EXERCISE DESCRIPTION >>
Which lines of the entries below contain the string "Concreto"? Copy each one.

--- SUPPLIED MATERIAL Enclosed Below ---

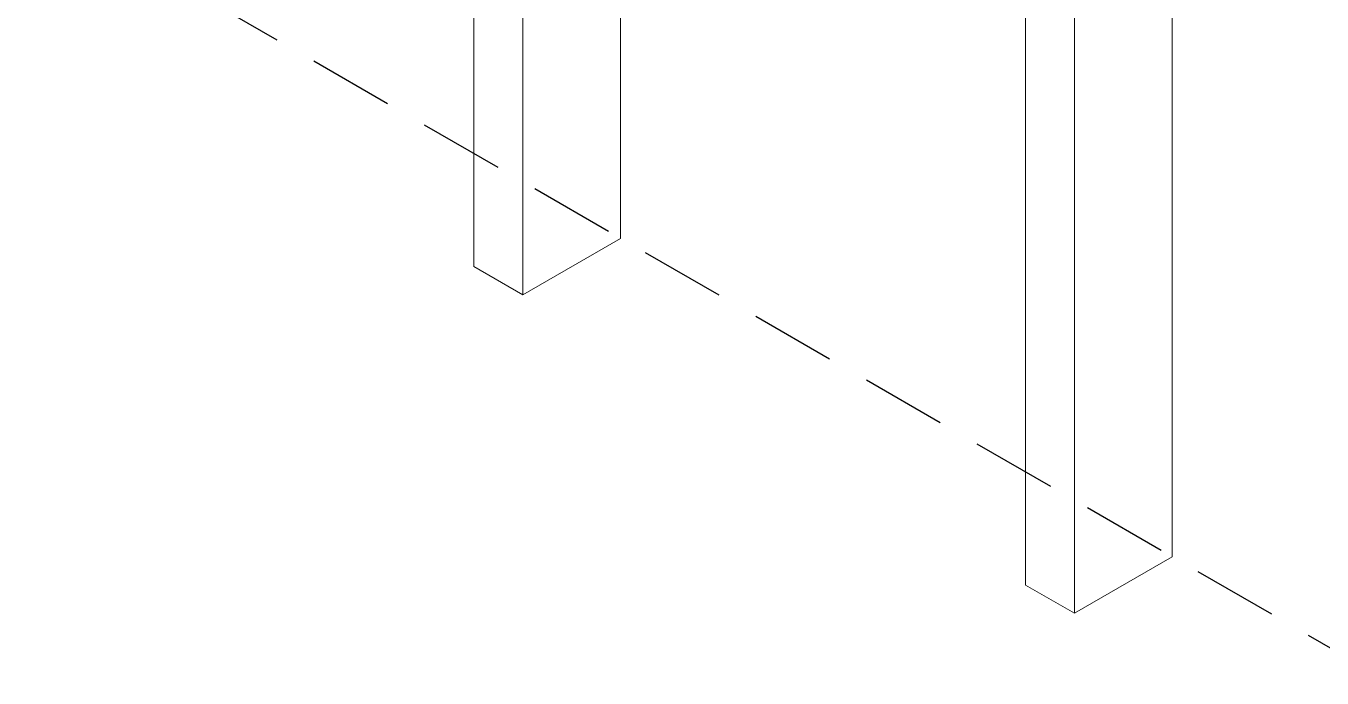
# Model space of a CAD drawing. Extents: x -20676 to 4767, y -817 to 13976.
# Drawn here: x -15735 to -15638.2, y 7878 to 7926.7 of the extents above; entities that cross this region are included whole.
import ezdxf

# ---------------------------------------------------------------- set-up
doc = ezdxf.new("R2010")
doc.units = 0
doc.linetypes.add('HIDDEN', pattern=[9.524999999999995, 6.349999999999998, -3.174999999999998])
doc.layers.add('Concreto', color=251, linetype='HIDDEN', lineweight=25)
doc.layers.add('MADEIRA', color=3, linetype='Continuous', lineweight=13)

msp = doc.modelspace()

# ---------------------------------------------------------------- linework, layer by layer
at = {"layer": 'Concreto'}
msp.add_line((-15633.73156806046, 7877.999111416637), (-15814.10298781957, 7982.136599168723), dxfattribs=at)
at = {"layer": 'MADEIRA', "extrusion": (-1e-16, 0.816496580927726, 0.5773502691896261)}
for p, q in [((-15701.52197160257, 7908.712164332861), (-15701.52197160257, 8046.041574427672)), ((-15697.87351274367, 7906.605725628591), (-15697.87351274367, 8043.935135723374)), ((-15690.57659502577, 7910.818603037147), (-15690.57659502589, 8039.72225831477)), ((-15649.40113076136, 7887.045937660067), (-15649.40113076136, 8024.375347754791)), ((-15660.34650733781, 7884.939498955709), (-15660.34650733804, 8022.268909050492)), ((-15656.6980484792, 7882.833060251436), (-15656.6980484792, 8020.162470346175)), ((-15690.57659502589, 7910.818603037278), (-15697.87351274367, 7906.605725628604)), ((-15697.87351274367, 7906.605725628604), (-15701.52197160257, 7908.712164332977)), ((-15649.40113076147, 7887.045937660052), (-15656.6980484792, 7882.833060251436)), ((-15656.6980484792, 7882.833060251436), (-15660.34650733804, 7884.93949895581))]:
    msp.add_line(p, q, dxfattribs=at)

doc.saveas('drawing.dxf')

--- End of Enclosed SUPPLIED MATERIAL ---

OUTPUT FOR THIS TASK >>
doc.layers.add('Concreto', color=251, linetype='HIDDEN', lineweight=25)
at = {"layer": 'Concreto'}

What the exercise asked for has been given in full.